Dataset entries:
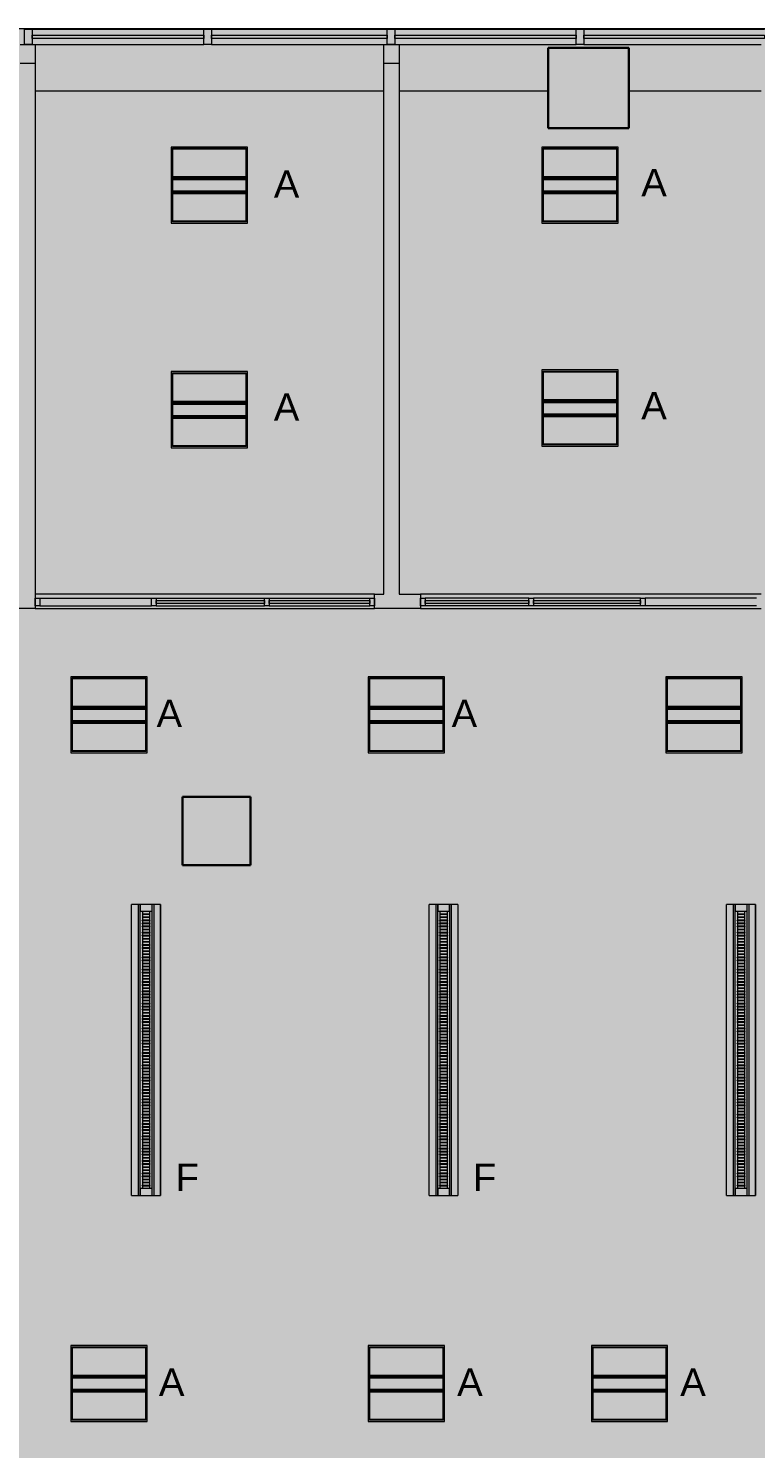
# Model space of a CAD drawing. Header units: inches. Extents: x -1196 to 1003, y -7097 to -4899.
# Drawn here: x -516.8 to -282.1, y -5357.7 to -4899 of the extents above; entities that cross this region are included whole.
import ezdxf

# ---------------------------------------------------------------- set-up
doc = ezdxf.new("R2010")
doc.units = ezdxf.units.IN
doc.header["$MEASUREMENT"] = 0
for name, color, linetype, lineweight in [('A-CLNG', 13, 'Continuous', 13), ('A-DETL-GENF', 92, 'Continuous', 9), ('A-FLOR', 192, 'Continuous', 13), ('A-GLAZ-CURT', 52, 'Continuous', 9), ('A-GLAZ-CWMG', 51, 'Continuous', 9), ('A-WALL', 113, 'Continuous', 9), ('E-LITE-EQPM', 33, 'Continuous', 9), ('E-LITE-EQPM-IDEN', 33, 'Continuous', 9), ('S-COLS', 52, 'Continuous', 9)]:
    doc.layers.add(name, color=color, linetype=linetype, lineweight=lineweight)
doc.styles.add('Arial', font='arial.ttf', dxfattribs={"height": 8.851796})

# ---------------------------------------------------------------- blocks, each defined once
blk = doc.blocks.new('Concrete-Rectangular-Column - 24 X 24-5087837-FIRST FLOOR RCP')
at = {"layer": 'S-COLS', "lineweight": 30}
for p, q in [((-11, 11), (11, 11)), ((-11, -11), (-11, 11)), ((11, 11), (11, -11)), ((11, -11), (-11, -11))]:
    blk.add_line(p, q, dxfattribs=at)
blk = doc.blocks.new('Concrete-Rectangular-Column - 24 X 22-5089889-FIRST FLOOR RCP')
at = {"layer": 'S-COLS', "lineweight": 30}
for p, q in [((-13, 13), (13, 13)), ((-13, -13), (-13, 13)), ((13, 13), (13, -13)), ((13, -13), (-13, -13))]:
    blk.add_line(p, q, dxfattribs=at)
blk = doc.blocks.new('System Panel - Glazed-5271097-FIRST FLOOR RCP')
at = {"layer": 'A-GLAZ-CURT', "lineweight": 13}
for p, q in [((-27.68, -0.5), (-27.68, 0.5)), ((-27.68, 0.5), (27.68, 0.5)), ((27.68, 0.5), (27.68, -0.5)), ((27.68, -0.5), (-27.68, -0.5))]:
    blk.add_line(p, q, dxfattribs=at)
blk = doc.blocks.new('System Panel - Glazed-5271098-FIRST FLOOR RCP')
at = {"layer": 'A-GLAZ-CURT', "lineweight": 13}
for p, q in [((-28.32, -0.5), (-28.32, 0.5)), ((-28.32, 0.5), (28.32, 0.5)), ((28.32, 0.5), (28.32, -0.5)), ((28.32, -0.5), (-28.32, -0.5))]:
    blk.add_line(p, q, dxfattribs=at)
blk = doc.blocks.new('Rectangular Mullion - 2_5_ x 5_ rectangular-4899315-FIRST FLOOR RCP')
at = {"layer": 'A-GLAZ-CWMG'}
for p, q in [((-515.53, -4899.28), (-460.16, -4899.28)), ((-514.6, -4904.28), (-460.16, -4904.28))]:
    blk.add_line(p, q, dxfattribs=at)
blk = doc.blocks.new('System Panel - Glazed-5271094-FIRST FLOOR RCP')
at = {"layer": 'A-GLAZ-CURT', "lineweight": 13}
for p, q in [((-29.25, -0.5), (-29.25, 0.5)), ((-29.25, 0.5), (29.25, 0.5)), ((29.25, 0.5), (29.25, -0.5)), ((29.25, -0.5), (-29.25, -0.5))]:
    blk.add_line(p, q, dxfattribs=at)
blk = doc.blocks.new('Rectangular Mullion - 2_5_ x 5_ rectangular-4899317-FIRST FLOOR RCP')
at = {"layer": 'A-GLAZ-CWMG'}
for p, q in [((-457.66, -4899.28), (-401.01, -4899.28)), ((-457.66, -4904.28), (-402.03, -4904.28))]:
    blk.add_line(p, q, dxfattribs=at)
blk = doc.blocks.new('System Panel - Glazed-5271095-FIRST FLOOR RCP')
at = {"layer": 'A-GLAZ-CURT', "lineweight": 13}
for p, q in [((-29.125, -0.5), (-29.125, 0.5)), ((-29.125, 0.5), (29.125, 0.5)), ((29.125, 0.5), (29.125, -0.5)), ((29.125, -0.5), (-29.125, -0.5))]:
    blk.add_line(p, q, dxfattribs=at)
blk = doc.blocks.new('Rectangular Mullion - 2_5_ x 5_ rectangular-V18-FIRST FLOOR RCP')
at = {"layer": 'A-GLAZ-CWMG'}
for p, q in [((-398.51, -4899.28), (-340.01, -4899.28)), ((-397.15, -4904.28), (-340.01, -4904.28))]:
    blk.add_line(p, q, dxfattribs=at)
blk = doc.blocks.new('Rectangular Mullion - 2_5_ x 5_ rectangular-V19-FIRST FLOOR RCP')
at = {"layer": 'A-GLAZ-CWMG'}
for p, q in [((-337.51, -4899.28), (-279.26, -4899.28)), ((-337.51, -4904.28), (-280.29, -4904.28))]:
    blk.add_line(p, q, dxfattribs=at)
blk = doc.blocks.new('Rectangular Mullion - 2_5_ x 5_ rectangular-5269403-FIRST FLOOR RCP')
at = {"layer": 'A-GLAZ-CWMG', "lineweight": 20}
for p, q in [((1.25, 2.5), (-1.25, 2.5)), ((-1.25, 2.5), (-1.25, -2.5)), ((1.25, -2.5), (1.25, 2.5)), ((-1.25, -2.5), (1.25, -2.5))]:
    blk.add_line(p, q, dxfattribs=at)
blk = doc.blocks.new('System Panel - Glazed-5262812-FIRST FLOOR RCP')
at = {"layer": 'A-GLAZ-CURT', "lineweight": 13}
for p, q in [((-17.25, -0.5), (-17.25, 0.5)), ((-17.25, 0.5), (17.25, 0.5)), ((17.25, 0.5), (17.25, -0.5)), ((17.25, -0.5), (-17.25, -0.5))]:
    blk.add_line(p, q, dxfattribs=at)
blk = doc.blocks.new('System Panel - Glazed-4926769-FIRST FLOOR RCP')
at = {"layer": 'A-GLAZ-CURT', "lineweight": 13}
for p, q in [((-16.75, -0.5), (-16.75, 0.5)), ((-16.75, 0.5), (16.75, 0.5)), ((16.75, 0.5), (16.75, -0.5)), ((16.75, -0.5), (-16.75, -0.5))]:
    blk.add_line(p, q, dxfattribs=at)
blk = doc.blocks.new('Rectangular Mullion - 1_5_ x 2_5_ rectangular-5299765-FIRST FLOOR RCP')
at = {"layer": 'A-GLAZ-CWMG', "lineweight": 20}
for p, q in [((0.75, 1.25), (-0.75, 1.25)), ((-0.75, 1.25), (-0.75, -1.25)), ((0.75, -1.25), (0.75, 1.25)), ((-0.75, -1.25), (0.75, -1.25))]:
    blk.add_line(p, q, dxfattribs=at)
blk = doc.blocks.new('Rectangular Mullion - 1_5_ x 2_5_ rectangular-4926765-FIRST FLOOR RCP')
at = {"layer": 'A-GLAZ-CWMG'}
for p, q in [((-355.29, -5083.05), (-388.79, -5083.05)), ((-355.29, -5085.55), (-388.79, -5085.55))]:
    blk.add_line(p, q, dxfattribs=at)
blk = doc.blocks.new('Rectangular Mullion - 1_5_ x 2_5_ rectangular-4944608-FIRST FLOOR RCP')
at = {"layer": 'A-GLAZ-CWMG'}
for p, q in [((-319.29, -5083.05), (-353.79, -5083.05)), ((-319.29, -5085.55), (-353.79, -5085.55))]:
    blk.add_line(p, q, dxfattribs=at)
blk = doc.blocks.new('Rectangular Mullion - 1_5_ x 2_5_ rectangular-5258732-FIRST FLOOR RCP')
at = {"layer": 'A-GLAZ-CWMG'}
for p, q in [((-281.79, -5083.05), (-317.79, -5083.05)), ((-281.79, -5085.55), (-317.79, -5085.55))]:
    blk.add_line(p, q, dxfattribs=at)
blk = doc.blocks.new('Rectangular Mullion - 1_5_ x 2_5_ rectangular-5299768-FIRST FLOOR RCP')
at = {"layer": 'A-GLAZ-CWMG', "lineweight": 20}
for p, q in [((0, 1.25), (-1.5, 1.25)), ((-1.5, 1.25), (-1.5, -1.25)), ((0, -1.25), (0, 1.25)), ((-1.5, -1.25), (0, -1.25))]:
    blk.add_line(p, q, dxfattribs=at)
blk = doc.blocks.new('System Panel - Glazed-5262893-FIRST FLOOR RCP')
at = {"layer": 'A-GLAZ-CURT', "lineweight": 13}
for p, q in [((-17.5, -0.5), (-17.5, 0.5)), ((-17.5, 0.5), (17.5, 0.5)), ((17.5, 0.5), (17.5, -0.5)), ((17.5, -0.5), (-17.5, -0.5))]:
    blk.add_line(p, q, dxfattribs=at)
blk = doc.blocks.new('System Panel - Glazed-4931977-FIRST FLOOR RCP')
at = {"layer": 'A-GLAZ-CURT', "lineweight": 13}
for p, q in [((-16.25, -0.5), (-16.25, 0.5)), ((-16.25, 0.5), (16.25, 0.5)), ((16.25, 0.5), (16.25, -0.5)), ((16.25, -0.5), (-16.25, -0.5))]:
    blk.add_line(p, q, dxfattribs=at)
blk = doc.blocks.new('Rectangular Mullion - 1_5_ x 2_5_ rectangular-5299773-FIRST FLOOR RCP')
at = {"layer": 'A-GLAZ-CWMG', "lineweight": 20}
for p, q in [((-1.5, 1.25), (0, 1.25)), ((-1.5, -1.25), (-1.5, 1.25)), ((0, 1.25), (0, -1.25)), ((0, -1.25), (-1.5, -1.25))]:
    blk.add_line(p, q, dxfattribs=at)
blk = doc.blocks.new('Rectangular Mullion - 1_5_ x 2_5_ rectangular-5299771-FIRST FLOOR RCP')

* [Problem to solve]:
Return the number of lines in the data above that include the word "Column", and nothing else.

* [Exercise solution]:
2